The CEO scrounged enough money together, he went on like a roadshow to raise money. I believe he traveled around the country to friends, sort of showing people the game, and I had mocked up cards so people could see what the real cards would look like on color print outs. He managed to raise enough money to do a small print run, which was a fraction of what we wanted to print. This is how you get Alpha and Beta.

The first Worlds, in GenCon 94 © Wizards of the Coast

Alpha was printed with that little bit of investment money and the mortgaging of his house. And as soon as we got money from Alpha we threw it into Beta, and that’s why Beta is a slightly bigger run. It also wasn’t just the sales of Alpha, when Alpha started to sell we got more investment because people could see that we actually had something worthwhile here. So we managed to raise enough money quickly to get Beta out.

What kind of feedback were you getting from the players?

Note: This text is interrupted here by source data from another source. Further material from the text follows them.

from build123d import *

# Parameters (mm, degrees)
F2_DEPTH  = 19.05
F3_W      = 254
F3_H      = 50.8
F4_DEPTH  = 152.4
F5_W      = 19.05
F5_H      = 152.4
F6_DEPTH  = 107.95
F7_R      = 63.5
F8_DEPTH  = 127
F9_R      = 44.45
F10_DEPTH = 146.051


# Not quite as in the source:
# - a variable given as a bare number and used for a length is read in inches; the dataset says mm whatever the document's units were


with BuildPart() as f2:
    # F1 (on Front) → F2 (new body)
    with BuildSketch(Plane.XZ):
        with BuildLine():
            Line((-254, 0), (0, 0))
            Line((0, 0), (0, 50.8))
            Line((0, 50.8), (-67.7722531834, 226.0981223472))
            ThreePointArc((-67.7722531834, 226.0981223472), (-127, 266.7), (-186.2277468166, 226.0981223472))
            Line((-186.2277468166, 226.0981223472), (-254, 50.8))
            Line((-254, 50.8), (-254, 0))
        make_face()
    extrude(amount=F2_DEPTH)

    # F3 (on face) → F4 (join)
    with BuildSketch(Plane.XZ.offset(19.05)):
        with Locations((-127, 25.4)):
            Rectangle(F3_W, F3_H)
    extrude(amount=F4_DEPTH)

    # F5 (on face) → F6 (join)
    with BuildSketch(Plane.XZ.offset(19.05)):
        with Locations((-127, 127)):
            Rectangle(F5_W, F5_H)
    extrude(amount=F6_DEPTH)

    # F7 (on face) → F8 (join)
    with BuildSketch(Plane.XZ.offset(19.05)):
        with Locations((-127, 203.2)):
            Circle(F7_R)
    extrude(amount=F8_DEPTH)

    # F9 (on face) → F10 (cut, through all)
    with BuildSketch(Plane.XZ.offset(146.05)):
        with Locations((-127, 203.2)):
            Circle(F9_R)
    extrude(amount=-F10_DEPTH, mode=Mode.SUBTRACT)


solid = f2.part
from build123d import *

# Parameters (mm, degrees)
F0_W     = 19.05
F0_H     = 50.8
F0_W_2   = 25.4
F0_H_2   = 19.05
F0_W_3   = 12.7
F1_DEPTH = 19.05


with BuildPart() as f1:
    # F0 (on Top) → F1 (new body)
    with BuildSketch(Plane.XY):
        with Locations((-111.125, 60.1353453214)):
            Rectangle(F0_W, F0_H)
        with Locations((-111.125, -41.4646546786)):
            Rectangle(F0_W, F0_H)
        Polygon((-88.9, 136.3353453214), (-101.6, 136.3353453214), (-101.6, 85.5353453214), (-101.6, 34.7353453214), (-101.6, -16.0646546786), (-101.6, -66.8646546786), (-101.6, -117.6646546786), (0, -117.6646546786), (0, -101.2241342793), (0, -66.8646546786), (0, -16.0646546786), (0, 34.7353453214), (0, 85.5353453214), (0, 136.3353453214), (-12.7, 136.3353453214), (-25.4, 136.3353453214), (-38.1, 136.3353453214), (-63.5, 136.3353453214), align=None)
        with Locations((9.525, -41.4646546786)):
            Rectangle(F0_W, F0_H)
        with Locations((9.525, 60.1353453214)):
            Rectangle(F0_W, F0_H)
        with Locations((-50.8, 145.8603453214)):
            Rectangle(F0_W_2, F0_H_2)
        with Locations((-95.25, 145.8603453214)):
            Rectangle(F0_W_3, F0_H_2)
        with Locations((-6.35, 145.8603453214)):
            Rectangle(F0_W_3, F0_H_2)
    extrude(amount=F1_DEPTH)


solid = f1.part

This was early early Internet days, websites were barely a thing, there was no social media, so we mostly got emails or fan mail and sometimes phone calls. We would go to game stores to promote it, and after a while it got to be kind of strange because people are treating me like I’m famous.

I showed up at the Virgin store in London and one guy was so nervous to meet me he was shaking, and to me that is still such a bizarre experience. I don’t see myself as different than that person. I found unsettling. That’s when I knew this game was becoming really big.

How big were you as a team at this point?

Approximately ten or eleven, maybe twelve.

And still out there at the garage?

Yes. I don’t think we left the garage until… [thinks] Legends. Or just prior Legends.